The ITRS gateway is also easier to deploy than Nagios.
Nagios and Check_MK are both cheaper solutions but you get what you pay for. The amount of money that you can save with those solutions would be needed for someone in the background, doing a lot of development work to replicate what we're doing in ITRS. You could get cost savings upfront, but you're going to pay for it in the end with the development work.
What was our ROI?
We have absolutely seen return on our investment with ITRS. The stability of the trading applications with Geneos means it pays for itself.
What's my experience with pricing, setup cost, and licensing?
Pricing is the touchy subject, even here. Upper management always wants us to find a cheaper solution. But we have so much integrated with ITRS. For example, in one of our environments we have extensive client notifications, so if a client session goes down, they immediately get an email. It's automated. We don't have to do anything. That's a feature that our clients really like. It's expensive, but it does its job very well. And you set it and go.
What other advice do I have?
Follow the standards that ITRS provides. Their support is second to none and they will always guide you in the right direction.

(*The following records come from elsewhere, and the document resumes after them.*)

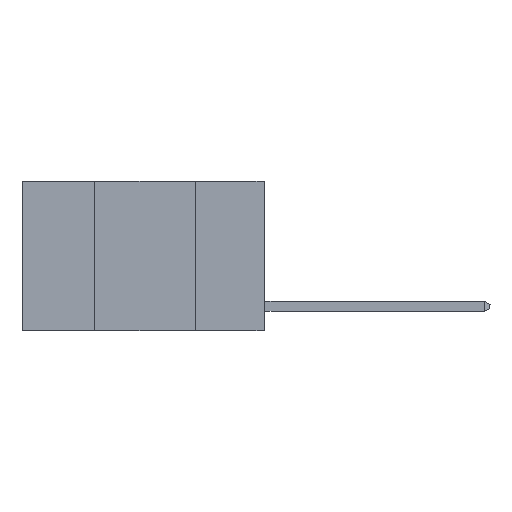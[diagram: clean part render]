
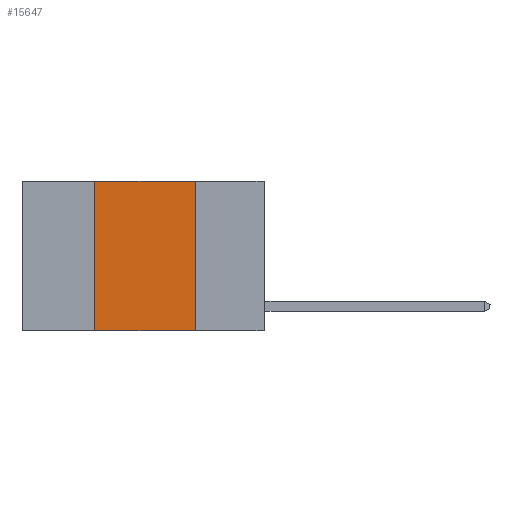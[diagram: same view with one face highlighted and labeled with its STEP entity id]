
A CAD part, left-side view. The second image highlights one B-rep face of the part: STEP entity #15647.
In plain terms, the highlighted planar face has unit normal (-1, 0, 0).
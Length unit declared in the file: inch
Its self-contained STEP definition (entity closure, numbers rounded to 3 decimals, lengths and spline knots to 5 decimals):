
#9 = VERTEX_POINT ( 'NONE', #24209 ) ;
#367 = ORIENTED_EDGE ( 'NONE', *, *, #10821, .F. ) ;
#1161 = CARTESIAN_POINT ( 'NONE',  ( 0., 0.6, 0. ) ) ;
#1573 = DIRECTION ( 'NONE',  ( 0., 0., 1. ) ) ;
#1713 = EDGE_CURVE ( 'NONE', #9, #8893, #18914, .T. ) ;
#2624 = EDGE_CURVE ( 'NONE', #9505, #9, #19172, .T. ) ;
#2853 = VERTEX_POINT ( 'NONE', #24501 ) ;
#4398 = AXIS2_PLACEMENT_3D ( 'NONE', #1161, #17865, #15911 ) ;
#5304 = CARTESIAN_POINT ( 'NONE',  ( 0., 0.42, -0.37 ) ) ;
#5442 = CARTESIAN_POINT ( 'NONE',  ( 0., 0.17, 0. ) ) ;
#6808 = CARTESIAN_POINT ( 'NONE',  ( 0., 0.6, 0. ) ) ;
#7776 = VECTOR ( 'NONE', #13109, 39.37008 ) ;
#8667 = VECTOR ( 'NONE', #15513, 39.37008 ) ;
#8893 = VERTEX_POINT ( 'NONE', #5442 ) ;
#9472 = VECTOR ( 'NONE', #24860, 39.37008 ) ;
#9505 = VERTEX_POINT ( 'NONE', #5304 ) ;
#9782 = FACE_OUTER_BOUND ( 'NONE', #17453, .T. ) ;
#10150 = ORIENTED_EDGE ( 'NONE', *, *, #2624, .F. ) ;
#10821 = EDGE_CURVE ( 'NONE', #8893, #2853, #11220, .T. ) ;
#11220 = LINE ( 'NONE', #19181, #7776 ) ;
#12025 = ORIENTED_EDGE ( 'NONE', *, *, #12106, .T. ) ;
#12106 = EDGE_CURVE ( 'NONE', #9505, #2853, #14660, .T. ) ;
#13109 = DIRECTION ( 'NONE',  ( 0., 0., -1. ) ) ;
#14660 = LINE ( 'NONE', #25944, #8667 ) ;
#15513 = DIRECTION ( 'NONE',  ( 0., -1., 0. ) ) ;
#15647 = ADVANCED_FACE ( 'NONE', ( #9782 ), #23562, .F. ) ;
#15911 = DIRECTION ( 'NONE',  ( 0., 0., -1. ) ) ;
#17453 = EDGE_LOOP ( 'NONE', ( #367, #19762, #10150, #12025 ) ) ;
#17865 = DIRECTION ( 'NONE',  ( 1., 0., 0. ) ) ;
#18914 = LINE ( 'NONE', #6808, #9472 ) ;
#19172 = LINE ( 'NONE', #21873, #19506 ) ;
#19181 = CARTESIAN_POINT ( 'NONE',  ( 0., 0.17, 0. ) ) ;
#19506 = VECTOR ( 'NONE', #1573, 39.37008 ) ;
#19762 = ORIENTED_EDGE ( 'NONE', *, *, #1713, .F. ) ;
#21873 = CARTESIAN_POINT ( 'NONE',  ( 0., 0.42, 0. ) ) ;
#23562 = PLANE ( 'NONE',  #4398 ) ;
#24209 = CARTESIAN_POINT ( 'NONE',  ( 0., 0.42, 0. ) ) ;
#24501 = CARTESIAN_POINT ( 'NONE',  ( 0., 0.17, -0.37 ) ) ;
#24860 = DIRECTION ( 'NONE',  ( 0., -1., 0. ) ) ;
#25944 = CARTESIAN_POINT ( 'NONE',  ( 0., 0.6, -0.37 ) ) ;

At any given time we have at least 20 users connected to all the gateways, and that's not everybody because we're a global company. It's when the offices are open that people connect to it. They are the NOC users. They're all in Manila and they watch the screens and make sure if anything is alarming that a ticket is opened for the correct group. We have some of our system engineers who are looking at it for server-level errors. We also have production engineers who are responsible for the trading applications. They are also looking at the consoles to see if anything's alerting.